One afternoon in Chennai, a man named Subramaniam invited me and four other classmates to his mom’s apartment for lunch. Two were young southern Indian men, and the others were young women–one Swiss and the other Belgian.
We sat in a circle in the front room and chatted for a while. But Subramaniam had something up his sleeve that I didn’t expect.
He wanted each person to sing a song before lunch. The women and I would perform first because we were the guests. With a voice that’s not quite Sinatra’s, I felt self conscious. But when the Indian men sang, each was transported into a different world. With eyes closed, bodies swaying, and hands waving, they were completely absorbed in the emotion.
This preference for untrammeled outpourings of feelings is ancient. The Bhagavad Gita stressed devotion as the way to divinity. Ancient theories of the theater and painting were also based on free flows of emotion.
You regularly experience these ancient currents in modern life. The large extended families in dense neighborhoods encourage people to extend feelings to others. The night I arrived in India for the second time, I awoke with diarrhea. I trotted across the grounds of the school to the toilets and was intercepted by two security guards. I told them why I was up, and they suddenly became worried mothers.
“I’m sure it’s not from anything I ate or drank because I just got here.”
“But when someone says he has diarrhea in India it scares us because we think he ate something that gave him an infection.”

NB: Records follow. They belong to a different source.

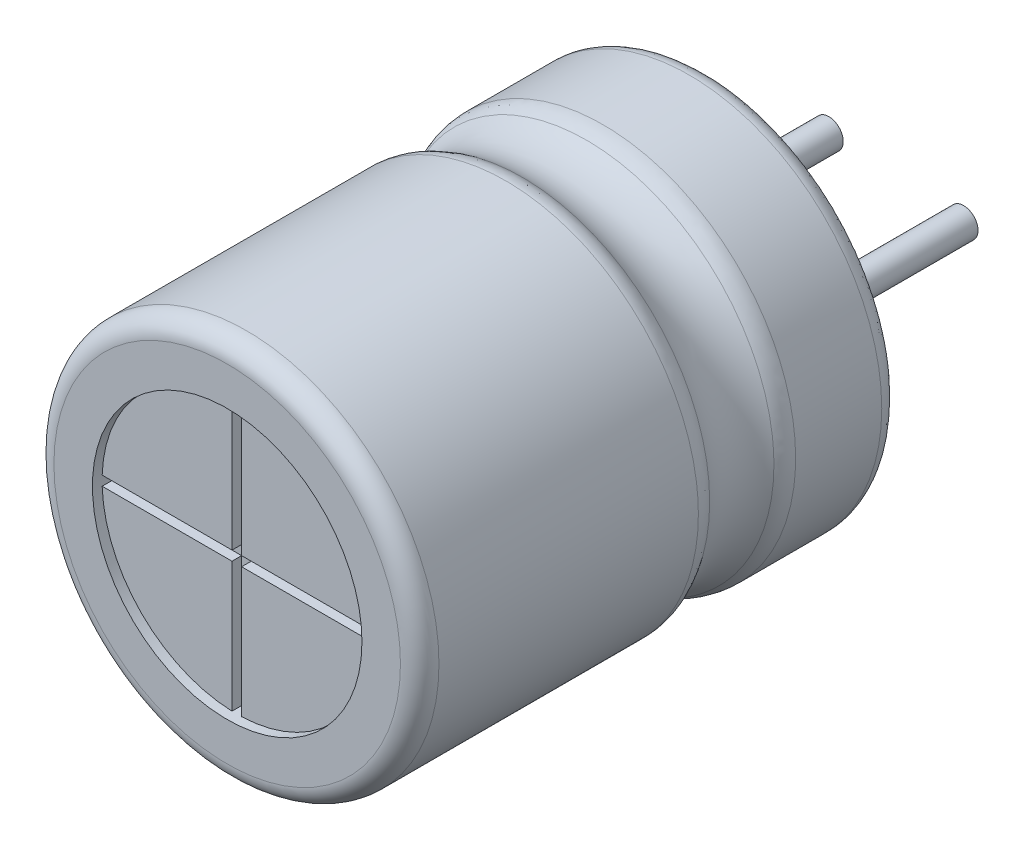
ISO-10303-21;
HEADER;
FILE_DESCRIPTION(('STEP AP214'),'2;1');
FILE_NAME('part.step','',(''),(''),'','','');
FILE_SCHEMA(('AUTOMOTIVE_DESIGN { 1 0 10303 214 1 1 1 1 }'));
ENDSEC;
DATA;
#1=APPLICATION_CONTEXT('core data for automotive mechanical design processes');
#2=APPLICATION_PROTOCOL_DEFINITION('international standard','automotive_design',2000,#1);
#3=PRODUCT_CONTEXT('',#1,'mechanical');
#4=PRODUCT('Part','Part','',(#3));
#5=PRODUCT_RELATED_PRODUCT_CATEGORY('part','',(#4));
#6=PRODUCT_DEFINITION_FORMATION('','',#4);
#7=PRODUCT_DEFINITION_CONTEXT('part definition',#1,'design');
#8=PRODUCT_DEFINITION('design','',#6,#7);
#9=PRODUCT_DEFINITION_SHAPE('','',#8);
#10=(LENGTH_UNIT() NAMED_UNIT(*) SI_UNIT(.MILLI.,.METRE.));
#11=(NAMED_UNIT(*) PLANE_ANGLE_UNIT() SI_UNIT($,.RADIAN.));
#12=(NAMED_UNIT(*) SI_UNIT($,.STERADIAN.) SOLID_ANGLE_UNIT());
#13=UNCERTAINTY_MEASURE_WITH_UNIT(LENGTH_MEASURE(1.E-05),#10,'distance_accuracy_value','');
#14=(GEOMETRIC_REPRESENTATION_CONTEXT(3) GLOBAL_UNCERTAINTY_ASSIGNED_CONTEXT((#13)) GLOBAL_UNIT_ASSIGNED_CONTEXT((#10,
#11,#12)) REPRESENTATION_CONTEXT('',''));
#15=CARTESIAN_POINT('',(0.,0.,0.));
#16=DIRECTION('',(0.,0.,1.));
#17=DIRECTION('',(1.,0.,0.));
#18=AXIS2_PLACEMENT_3D('',#15,#16,#17);
#19=CARTESIAN_POINT('',(1.5,0.,-1.9));
#20=DIRECTION('',(0.,0.,1.));
#21=DIRECTION('',(1.,0.,0.));
#22=AXIS2_PLACEMENT_3D('',#19,#20,#21);
#23=PLANE('',#22);
#24=CARTESIAN_POINT('',(1.5,0.,-1.9));
#25=DIRECTION('',(0.,0.,1.));
#26=DIRECTION('',(-1.,0.,0.));
#27=AXIS2_PLACEMENT_3D('',#24,#25,#26);
#28=CIRCLE('',#27,0.15);
#29=CARTESIAN_POINT('',(1.35,0.,-1.9));
#30=VERTEX_POINT('',#29);
#31=EDGE_CURVE('E31',#30,#30,#28,.T.);
#32=ORIENTED_EDGE('',*,*,#31,.F.);
#33=EDGE_LOOP('',(#32));
#34=FACE_BOUND('',#33,.T.);
#35=ADVANCED_FACE('F18',(#34),#23,.F.);
#36=CARTESIAN_POINT('',(1.5,0.,0.3));
#37=DIRECTION('',(0.,0.,1.));
#38=DIRECTION('',(-1.,0.,0.));
#39=AXIS2_PLACEMENT_3D('',#36,#37,#38);
#40=CYLINDRICAL_SURFACE('',#39,0.15);
#41=CARTESIAN_POINT('',(1.5,0.,0.2));
#42=DIRECTION('',(0.,0.,1.));
#43=DIRECTION('',(-1.,0.,0.));
#44=AXIS2_PLACEMENT_3D('',#41,#42,#43);
#45=CIRCLE('',#44,0.15);
#46=CARTESIAN_POINT('',(1.35,0.,0.2));
#47=VERTEX_POINT('',#46);
#48=EDGE_CURVE('E798',#47,#47,#45,.T.);
#49=ORIENTED_EDGE('',*,*,#48,.F.);
#50=DIRECTION('',(0.,0.,-1.));
#51=VECTOR('',#50,1.);
#52=CARTESIAN_POINT('',(1.35,0.,0.3));
#53=LINE('',#52,#51);
#54=EDGE_CURVE('E11',#47,#30,#53,.T.);
#55=ORIENTED_EDGE('',*,*,#54,.T.);
#56=ORIENTED_EDGE('',*,*,#31,.T.);
#57=ORIENTED_EDGE('',*,*,#54,.F.);
#58=EDGE_LOOP('',(#49,#55,#56,#57));
#59=FACE_BOUND('',#58,.T.);
#60=ADVANCED_FACE('F453',(#59),#40,.T.);
#61=CARTESIAN_POINT('',(0.75,0.,0.2));
#62=DIRECTION('',(0.,0.,1.));
#63=DIRECTION('',(1.,0.,0.));
#64=AXIS2_PLACEMENT_3D('',#61,#62,#63);
#65=PLANE('',#64);
#66=CARTESIAN_POINT('',(0.75,0.,0.2));
#67=DIRECTION('',(0.,0.,1.));
#68=DIRECTION('',(1.,0.,0.));
#69=AXIS2_PLACEMENT_3D('',#66,#67,#68);
#70=CIRCLE('',#69,1.4);
#71=CARTESIAN_POINT('',(2.15,0.,0.2));
#72=VERTEX_POINT('',#71);
#73=EDGE_CURVE('E795',#72,#72,#70,.T.);
#74=ORIENTED_EDGE('',*,*,#73,.F.);
#75=EDGE_LOOP('',(#74));
#76=FACE_BOUND('',#75,.T.);
#77=ORIENTED_EDGE('',*,*,#48,.T.);
#78=EDGE_LOOP('',(#77));
#79=FACE_BOUND('',#78,.T.);
#80=CARTESIAN_POINT('',(0.,0.,0.2));
#81=DIRECTION('',(0.,0.,1.));
#82=DIRECTION('',(-1.,0.,0.));
#83=AXIS2_PLACEMENT_3D('',#80,#81,#82);
#84=CIRCLE('',#83,0.15);
#85=CARTESIAN_POINT('',(-0.15,0.,0.2));
#86=VERTEX_POINT('',#85);
#87=EDGE_CURVE('E801',#86,#86,#84,.T.);
#88=ORIENTED_EDGE('',*,*,#87,.T.);
#89=EDGE_LOOP('',(#88));
#90=FACE_BOUND('',#89,.T.);
#91=ADVANCED_FACE('F401',(#76,#79,#90),#65,.F.);
#92=CARTESIAN_POINT('',(0.75,0.,0.3));
#93=DIRECTION('',(0.,0.,-1.));
#94=DIRECTION('',(1.,0.,0.));
#95=AXIS2_PLACEMENT_3D('',#92,#93,#94);
#96=CYLINDRICAL_SURFACE('',#95,1.4);
#97=DIRECTION('',(0.,0.,-1.));
#98=VECTOR('',#97,1.);
#99=CARTESIAN_POINT('',(2.15,0.,0.3));
#100=LINE('',#99,#98);
#101=CARTESIAN_POINT('',(2.15,0.,0.));
#102=VERTEX_POINT('',#101);
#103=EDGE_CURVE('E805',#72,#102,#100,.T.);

“Thanks, but I’m sure I’ll be fine.”
I was by morning. But at breakfast, in the middle of a big crowd, one of the guards loudly asked, “How is your diarrhea?” I didn’t want a bunch of people overhearing and smothering me with care, but in traditional India, the flow of emotions doesn’t stop at the boundaries of the nuclear family. If you go there, kiss your personal space goodbye.
This preference for absorption in the emotion is different from the mellowness from Thai emotional life. But it has very multidimensional roots which include religious devotion, ancient theories of art, and life in extended families in crowded environments. The emotional patterns that a society emphasizes reflect enough cultural wealth to inspire religious devotion.